10
votes

My dataframe which I read from a csv file has column names like this

abc.def, ewf.asd.fkl, qqit.vsf.addw.coil

I want to remove the '.' from all the names and convert them to

abcdef, eqfasdfkl, qqitvsfaddwcoil.

I tried using the sub command sub(".","",colnames(dataframe)) but this command took out the first letter of each column name and the column names changed to

bc.def, wf.asd.fkl, qit.vsf.addw.coil

Anyone know another command to do this. I can change the column name one by one, but I have a lot of files with 30 or more columns in each file.

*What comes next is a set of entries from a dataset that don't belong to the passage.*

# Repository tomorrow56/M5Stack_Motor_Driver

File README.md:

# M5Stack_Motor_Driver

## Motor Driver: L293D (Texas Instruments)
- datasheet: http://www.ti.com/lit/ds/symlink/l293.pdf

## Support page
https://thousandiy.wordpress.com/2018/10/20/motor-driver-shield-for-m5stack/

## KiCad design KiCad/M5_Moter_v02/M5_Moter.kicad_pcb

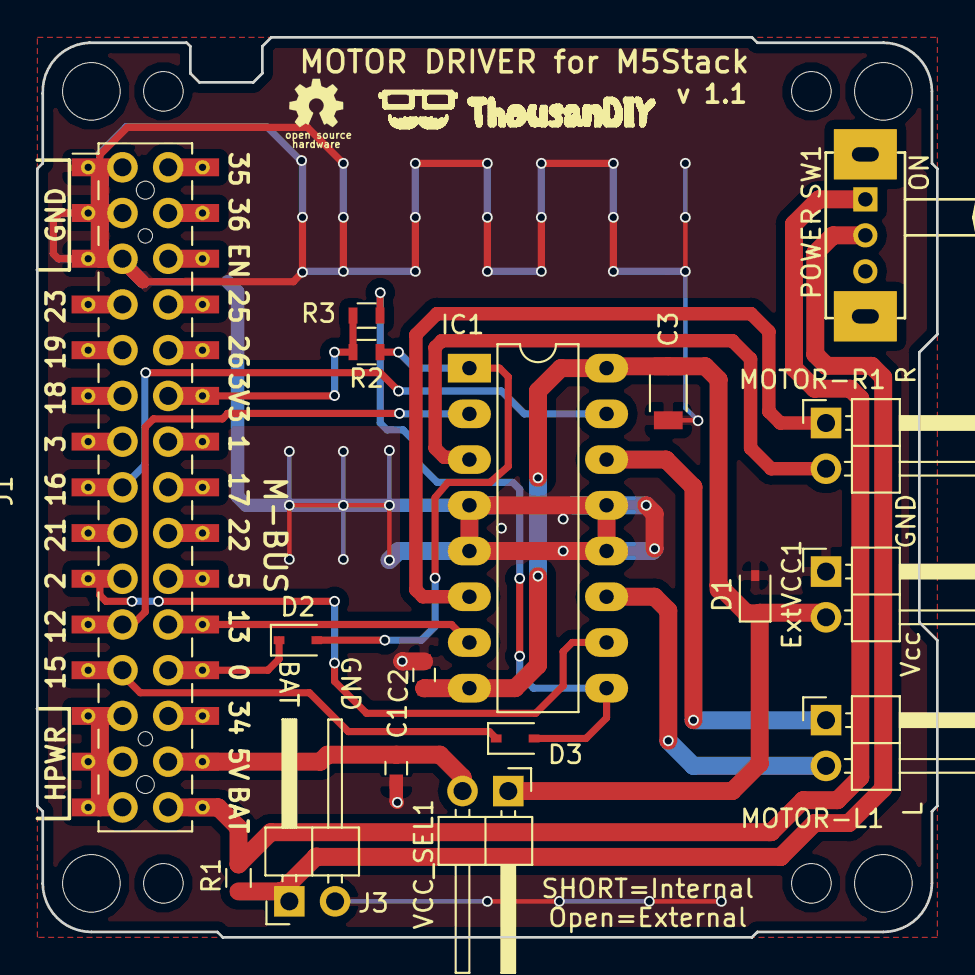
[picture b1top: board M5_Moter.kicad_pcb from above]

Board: 2 copper layers, 50.0 x 50.0 mm, 27 parts (0 on the bottom side), 19 nets.

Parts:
C1, C2: 10uF; C_0603
C3: 100uF; C_1206
D1, D2, D3: 1N4148; D_SOD-323
ExtVCC1: Terminal_01X02_FEMALE; Pin_Header_Angled_1x02_Pitch2.54mm
IC1: L293D; DIP-16_W7.62mm_LongPads
J1: M-BUS; Pin_Header_MBUS_SMD_TH
J3: Battery; Pin_Header_Angled_1x02_Pitch2.54mm
LOGO1: OPEN_HARDWARE_1; OSHW-logo_silkscreen-front_3mm
LOGO_TDIY1: TDIY_LOGO; TDIY-LOGO-S
MK1, MK2, MK3, MK4: Mounting_Hole; MountingHole_3.2mm_M3
MK5, MK6, MK7, MK8: Mounting_Hole; MountingHole_2.2mm_M2
MOTOR-L1: Terminal_01X02_FEMALE; Pin_Header_Angled_1x02_Pitch2.54mm
MOTOR-R1: Terminal_01X02_FEMALE; Pin_Header_Angled_1x02_Pitch2.54mm
R1: 0; R_0603
R2, R3: 10k; R_0603
SW1: SK-12D01-VG4; slide_switch_angled
VCC_SEL1: Terminal_01X02_FEMALE; Pin_Header_Angled_1x02_Pitch2.54mm

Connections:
/+3.3V: J1.12, R2.2, R3.2
/+5V: C1.1, J1.28, VCC_SEL1.2
/VCC: C2.1, C3.1, D1.1, ExtVCC1.2, IC1.8, IC1.16, VCC_SEL1.1
GND: C1.2, C2.2, C3.2, D1.2, ExtVCC1.1, IC1.4, IC1.5, IC1.12, IC1.13, J1.1, J1.3, J1.5, J3.2
IO0: D2.1, J1.24
IO2: IC1.10, J1.19
IO12: IC1.2, J1.21
IO13: IC1.7, J1.22
IO15: D3.1, J1.23
IO16: IC1.15, J1.15
unnamed: D2.2, IC1.1, R2.1
unnamed: D3.2, IC1.9, R3.1
unnamed: IC1.3, MOTOR-R1.2
unnamed: IC1.6, MOTOR-R1.1
unnamed: IC1.11, MOTOR-L1.2
unnamed: IC1.14, MOTOR-L1.1
unnamed: J1.25, J1.27, J1.29
unnamed: J1.30, R1.1, SW1.1
unnamed: J3.1, R1.2, SW1.2

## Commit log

2019-02-07 Add design data
2019-04-29 add case data
2019-05-28 add v03 PCB(GND correction )
2019-05-29 Update KiCad Data
2019-05-29 Add v03

Again, I want to remove the "." from all the colnames. I am trying to do this so I can use "sqldf" commands, which don't deal well with "."

Thank you for your help

3

3 Answers

20
votes

1) sqldf can deal with names having dots in them if you quote the names:

library(sqldf)
d0 <- read.csv(text = "A.B,C.D\n1,2")
sqldf('select "A.B", "C.D" from d0')

giving:

  A.B C.D
1   1   2

2) When reading the data using read.table or read.csv use the check.names=FALSE argument.

Compare:

Lines <- "A B,C D
1,2
3,4"
read.csv(text = Lines)
##   A.B C.D
## 1   1   2
## 2   3   4
read.csv(text = Lines, check.names = FALSE)
##   A B C D
## 1   1   2
## 2   3   4

however, in this example it still leaves a name that would have to be quoted in sqldf since the names have embedded spaces.

3) To simply remove the periods, if DF is a data frame:

names(DF) <- gsub(".", "", names(DF), fixed = TRUE)

or it might be nicer to convert the periods to underscores so that it is reversible:

names(DF) <- gsub(".", "_", names(DF), fixed = TRUE)

This last line could be alternatively done like this:

names(DF) <- chartr(".", "_", names(DF))
6
votes

To replace all the dots in the names you'll need to use gsub, rather than sub, which will only replace the first occurrence.

This should work.

test <- data.frame(abc.def = NA, ewf.asd.fkl = NA, qqit.vsf.addw.coil = NA)
names(test) <- gsub( ".",  "", names(test), fixed = TRUE)
test
  abcdef ewfasdfkl qqitvsfaddwcoil
1     NA        NA              NA
5
votes

UPDATE dplyr 0.8.0

As of dplyr 0.8 funs() is soft deprecated, use formula notation.

a dplyr way to do this using stringr.

library(dplyr)
library(stringr)

data <- data.frame(abc.def = 1, ewf.asd.fkl = 2, qqit.vsf.addw.coil = 3)
renamed_data <- data %>%
  rename_all(~str_replace_all(.,"\\.","_")) # note we have to escape the '.' character with \\

Make sure you install the packages with install.packages().

Remember you have to escape the . character with \\. in regex, which functions like str_replace_all use, . is a wildcard.